Tuesday, 12 March 2019

MAKALAH AKHLAK MAHMUDAH KEPADA ALLAH

AKHLAK MAHMUDAH KEPADA ALLAH

A.    Pengertian Takut Kepada Allah
Takut kepada Allah bukan berusaha menjauhi-Nya, akan tetapi sebaliknya, berusaha untuk dekat kepada-Nya, yaitu mengerjakan segala perintah-Nya dan menjauhi segala larangan-Nya.
Orang yang takut kepada Allah akan memperoleh kemenangan, sebagaimana firman Allah :

Artinya :     “Dan barangsiapa yang taat kepada Allah dan Rasul-Nya, takut dan bertaqwa kepada-Nya, itulah orang-orang yang memperoleh kemenangan” (S. An-Nur : 52)
Juga diterangkan dalam sabda Rasulullah sebagai berikut ;

Artinya :     “Ada tiga perkara yang dapat menyelamatkan manusia, yaitu :
1). Takut kepada Allah di tempat yang tersembunyi maupun di tempat yang terang, 2) berlaku adil pada waktu rela maupun pada waktu marah, dan 3) hidup sederhana pada waktu miskin maupun pada waktu kaya”.
(HR. Abu Syaikh).
Rasa takut kepada Allah ditentukan oleh iman seseorang. Makin tebal iman seseorang, makin tebal pula rasa takutnya kepada Allah dan sebaliknya.



B.     Alasan Takut Kepada Allah
Allah bukanlah Dzat yang harus ditakuti dalam arti dijauhi, tapi dipatuhi segala perintah-Nya dan ditinggalkan segala larangan-Nya. Allah Maha Pengasih Lagi Maha Penyayang. Allah Maha Penolong juga Maha Pengampun. Jadi, tidak ada alasan bagi kita untuk jauh daripada-Nya.

1.      Allah Maha Kuasa Lagi Maha Agung
Kekuasaan dan keagungan Allah tidak ada bandinganya. Kekuasaan raja manapun tidak dapat membandinginya, bahkan terlalu kecil untuk dibandingkan dengan kekuasaan dan keagungan Allah. Pada umumnya manusia takut dan patuh kpada rajanya. Mengapa kepaa Tuhannya, Tuhan yang menciptakannya dan memberinya rezeki, memberinya kehidupan ia tidak takut? Hal ini merupakan kekeliruan yang sangat besar.
Agar rasa takut tumbuh pada diri manusia, hendaklah senantiasa merenungi keagungan Tuhan. Semakin banyak manusia merenungi dan mengetahui rahasia-rahasia keagungan Tuhan, semakin tebal rasa takutnya kepada Allah SWT.
Allah berfirman dan Surat Fathir ayat 28 sebagai berikut :

Artinya :     “Sesungguhnya rasa takut kepada Allah di antara hamba-hamba-Nya, hanyalah ulama. Sesungguhnya Allah Maha Perkasa Lagi Maha Pengampun”.

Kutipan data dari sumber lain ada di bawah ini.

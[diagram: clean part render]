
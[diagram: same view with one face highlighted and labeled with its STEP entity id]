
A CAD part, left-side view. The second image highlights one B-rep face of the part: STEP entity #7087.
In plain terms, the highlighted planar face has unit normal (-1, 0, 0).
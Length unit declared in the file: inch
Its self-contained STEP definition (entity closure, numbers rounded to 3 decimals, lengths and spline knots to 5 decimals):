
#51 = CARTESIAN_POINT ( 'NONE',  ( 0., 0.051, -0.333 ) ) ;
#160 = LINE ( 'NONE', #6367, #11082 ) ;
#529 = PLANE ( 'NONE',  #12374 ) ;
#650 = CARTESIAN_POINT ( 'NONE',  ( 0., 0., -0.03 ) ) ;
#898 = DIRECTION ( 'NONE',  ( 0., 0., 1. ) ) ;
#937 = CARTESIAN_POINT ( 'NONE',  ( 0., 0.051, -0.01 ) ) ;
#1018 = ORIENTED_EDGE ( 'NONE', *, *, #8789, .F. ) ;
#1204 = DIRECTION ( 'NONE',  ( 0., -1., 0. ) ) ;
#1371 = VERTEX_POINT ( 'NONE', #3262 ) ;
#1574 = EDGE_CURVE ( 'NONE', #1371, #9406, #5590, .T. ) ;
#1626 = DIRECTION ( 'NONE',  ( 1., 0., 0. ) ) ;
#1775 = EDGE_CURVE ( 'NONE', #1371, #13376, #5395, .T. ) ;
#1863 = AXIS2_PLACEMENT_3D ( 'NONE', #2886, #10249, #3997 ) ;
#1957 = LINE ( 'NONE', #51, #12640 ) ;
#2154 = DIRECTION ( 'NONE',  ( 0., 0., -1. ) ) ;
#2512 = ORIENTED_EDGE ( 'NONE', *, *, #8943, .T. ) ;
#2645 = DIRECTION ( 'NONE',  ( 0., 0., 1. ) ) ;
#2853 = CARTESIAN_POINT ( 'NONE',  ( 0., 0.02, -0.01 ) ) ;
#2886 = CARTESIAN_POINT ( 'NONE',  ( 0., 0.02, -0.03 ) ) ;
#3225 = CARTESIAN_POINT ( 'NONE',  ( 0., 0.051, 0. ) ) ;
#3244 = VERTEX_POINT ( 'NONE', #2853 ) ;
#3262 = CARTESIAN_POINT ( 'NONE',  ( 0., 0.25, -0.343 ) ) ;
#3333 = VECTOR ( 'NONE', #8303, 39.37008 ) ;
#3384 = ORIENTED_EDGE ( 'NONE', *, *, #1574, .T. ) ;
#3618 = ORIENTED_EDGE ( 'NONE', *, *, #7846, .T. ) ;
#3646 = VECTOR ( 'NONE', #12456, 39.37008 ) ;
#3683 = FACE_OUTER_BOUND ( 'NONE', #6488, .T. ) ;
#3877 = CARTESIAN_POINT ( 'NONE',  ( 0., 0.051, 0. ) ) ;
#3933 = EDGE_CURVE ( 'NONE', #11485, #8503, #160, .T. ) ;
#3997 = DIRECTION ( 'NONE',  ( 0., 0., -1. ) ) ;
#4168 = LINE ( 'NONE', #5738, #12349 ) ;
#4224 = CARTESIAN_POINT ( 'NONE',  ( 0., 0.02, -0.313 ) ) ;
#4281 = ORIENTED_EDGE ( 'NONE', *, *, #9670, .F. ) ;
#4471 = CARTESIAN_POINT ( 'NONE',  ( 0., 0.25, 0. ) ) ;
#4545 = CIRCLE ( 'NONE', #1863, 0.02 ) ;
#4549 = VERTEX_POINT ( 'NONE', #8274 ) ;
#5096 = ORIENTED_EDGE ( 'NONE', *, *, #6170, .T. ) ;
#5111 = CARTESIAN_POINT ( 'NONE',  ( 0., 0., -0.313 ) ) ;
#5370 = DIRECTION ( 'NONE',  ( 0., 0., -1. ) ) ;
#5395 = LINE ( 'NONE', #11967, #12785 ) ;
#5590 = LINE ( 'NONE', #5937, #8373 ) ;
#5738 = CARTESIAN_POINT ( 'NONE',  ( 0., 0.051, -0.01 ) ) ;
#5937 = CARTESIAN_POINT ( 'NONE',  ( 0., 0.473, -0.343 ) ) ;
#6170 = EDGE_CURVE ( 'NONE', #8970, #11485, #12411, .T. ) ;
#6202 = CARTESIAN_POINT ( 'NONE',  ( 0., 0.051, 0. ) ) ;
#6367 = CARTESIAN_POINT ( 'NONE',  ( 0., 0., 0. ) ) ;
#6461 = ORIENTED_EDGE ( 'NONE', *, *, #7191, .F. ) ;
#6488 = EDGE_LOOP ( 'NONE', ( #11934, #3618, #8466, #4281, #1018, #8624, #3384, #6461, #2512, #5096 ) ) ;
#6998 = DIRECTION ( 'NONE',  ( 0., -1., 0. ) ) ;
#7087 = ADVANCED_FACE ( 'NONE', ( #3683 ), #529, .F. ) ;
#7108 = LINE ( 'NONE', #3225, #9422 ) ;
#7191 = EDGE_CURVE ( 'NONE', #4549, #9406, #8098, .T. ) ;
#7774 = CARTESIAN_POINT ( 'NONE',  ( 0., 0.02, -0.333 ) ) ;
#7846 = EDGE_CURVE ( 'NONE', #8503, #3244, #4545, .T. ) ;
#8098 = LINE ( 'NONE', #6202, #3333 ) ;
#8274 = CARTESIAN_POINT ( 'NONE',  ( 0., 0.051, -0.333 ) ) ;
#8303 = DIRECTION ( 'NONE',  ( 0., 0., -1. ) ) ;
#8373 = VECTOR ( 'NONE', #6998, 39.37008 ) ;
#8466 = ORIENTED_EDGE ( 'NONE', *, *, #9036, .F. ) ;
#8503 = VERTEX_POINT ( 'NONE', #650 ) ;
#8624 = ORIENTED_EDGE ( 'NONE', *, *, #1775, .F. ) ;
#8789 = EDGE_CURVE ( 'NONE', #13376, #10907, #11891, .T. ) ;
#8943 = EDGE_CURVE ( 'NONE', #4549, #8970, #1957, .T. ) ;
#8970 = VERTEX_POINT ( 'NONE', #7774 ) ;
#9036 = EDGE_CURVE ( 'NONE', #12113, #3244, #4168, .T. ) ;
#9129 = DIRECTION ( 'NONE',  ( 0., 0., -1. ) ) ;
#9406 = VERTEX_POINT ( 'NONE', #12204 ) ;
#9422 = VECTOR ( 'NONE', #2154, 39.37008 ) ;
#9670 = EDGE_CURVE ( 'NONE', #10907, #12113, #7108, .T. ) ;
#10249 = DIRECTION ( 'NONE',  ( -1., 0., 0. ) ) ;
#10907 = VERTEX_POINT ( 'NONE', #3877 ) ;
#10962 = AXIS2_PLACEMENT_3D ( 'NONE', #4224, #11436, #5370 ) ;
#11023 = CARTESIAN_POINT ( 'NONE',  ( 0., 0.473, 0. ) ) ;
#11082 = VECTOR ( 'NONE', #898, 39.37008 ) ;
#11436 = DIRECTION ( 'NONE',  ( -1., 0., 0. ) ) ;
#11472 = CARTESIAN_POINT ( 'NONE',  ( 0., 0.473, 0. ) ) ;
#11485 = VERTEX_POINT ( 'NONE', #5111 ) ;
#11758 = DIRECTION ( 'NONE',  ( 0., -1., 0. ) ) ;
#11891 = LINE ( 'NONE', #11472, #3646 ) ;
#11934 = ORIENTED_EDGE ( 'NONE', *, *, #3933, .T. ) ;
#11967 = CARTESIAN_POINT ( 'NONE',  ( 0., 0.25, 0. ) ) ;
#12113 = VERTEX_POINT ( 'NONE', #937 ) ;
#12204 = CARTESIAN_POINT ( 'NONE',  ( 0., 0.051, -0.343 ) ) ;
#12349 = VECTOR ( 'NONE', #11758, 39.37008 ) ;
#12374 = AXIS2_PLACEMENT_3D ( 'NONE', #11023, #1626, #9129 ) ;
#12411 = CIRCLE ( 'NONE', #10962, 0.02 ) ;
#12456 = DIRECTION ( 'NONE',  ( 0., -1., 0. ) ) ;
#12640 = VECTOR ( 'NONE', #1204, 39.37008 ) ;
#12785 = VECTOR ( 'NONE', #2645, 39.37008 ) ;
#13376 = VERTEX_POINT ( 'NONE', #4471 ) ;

2.      Balasan Allah terhadap perbuatan manusia
Allah telah menawarkan dua pilihan surga atau neraka. Surga berupa kesenangan, neraka merupakan penderitaan atau azab yang penih. Kedua pilihan itu ditentukan oleh perbuatan manusia di dunia. Allah selalu mengawasi gerak-gerik manusia. Sekecil apapun gerak-gerik manusia akan diperhitungkan.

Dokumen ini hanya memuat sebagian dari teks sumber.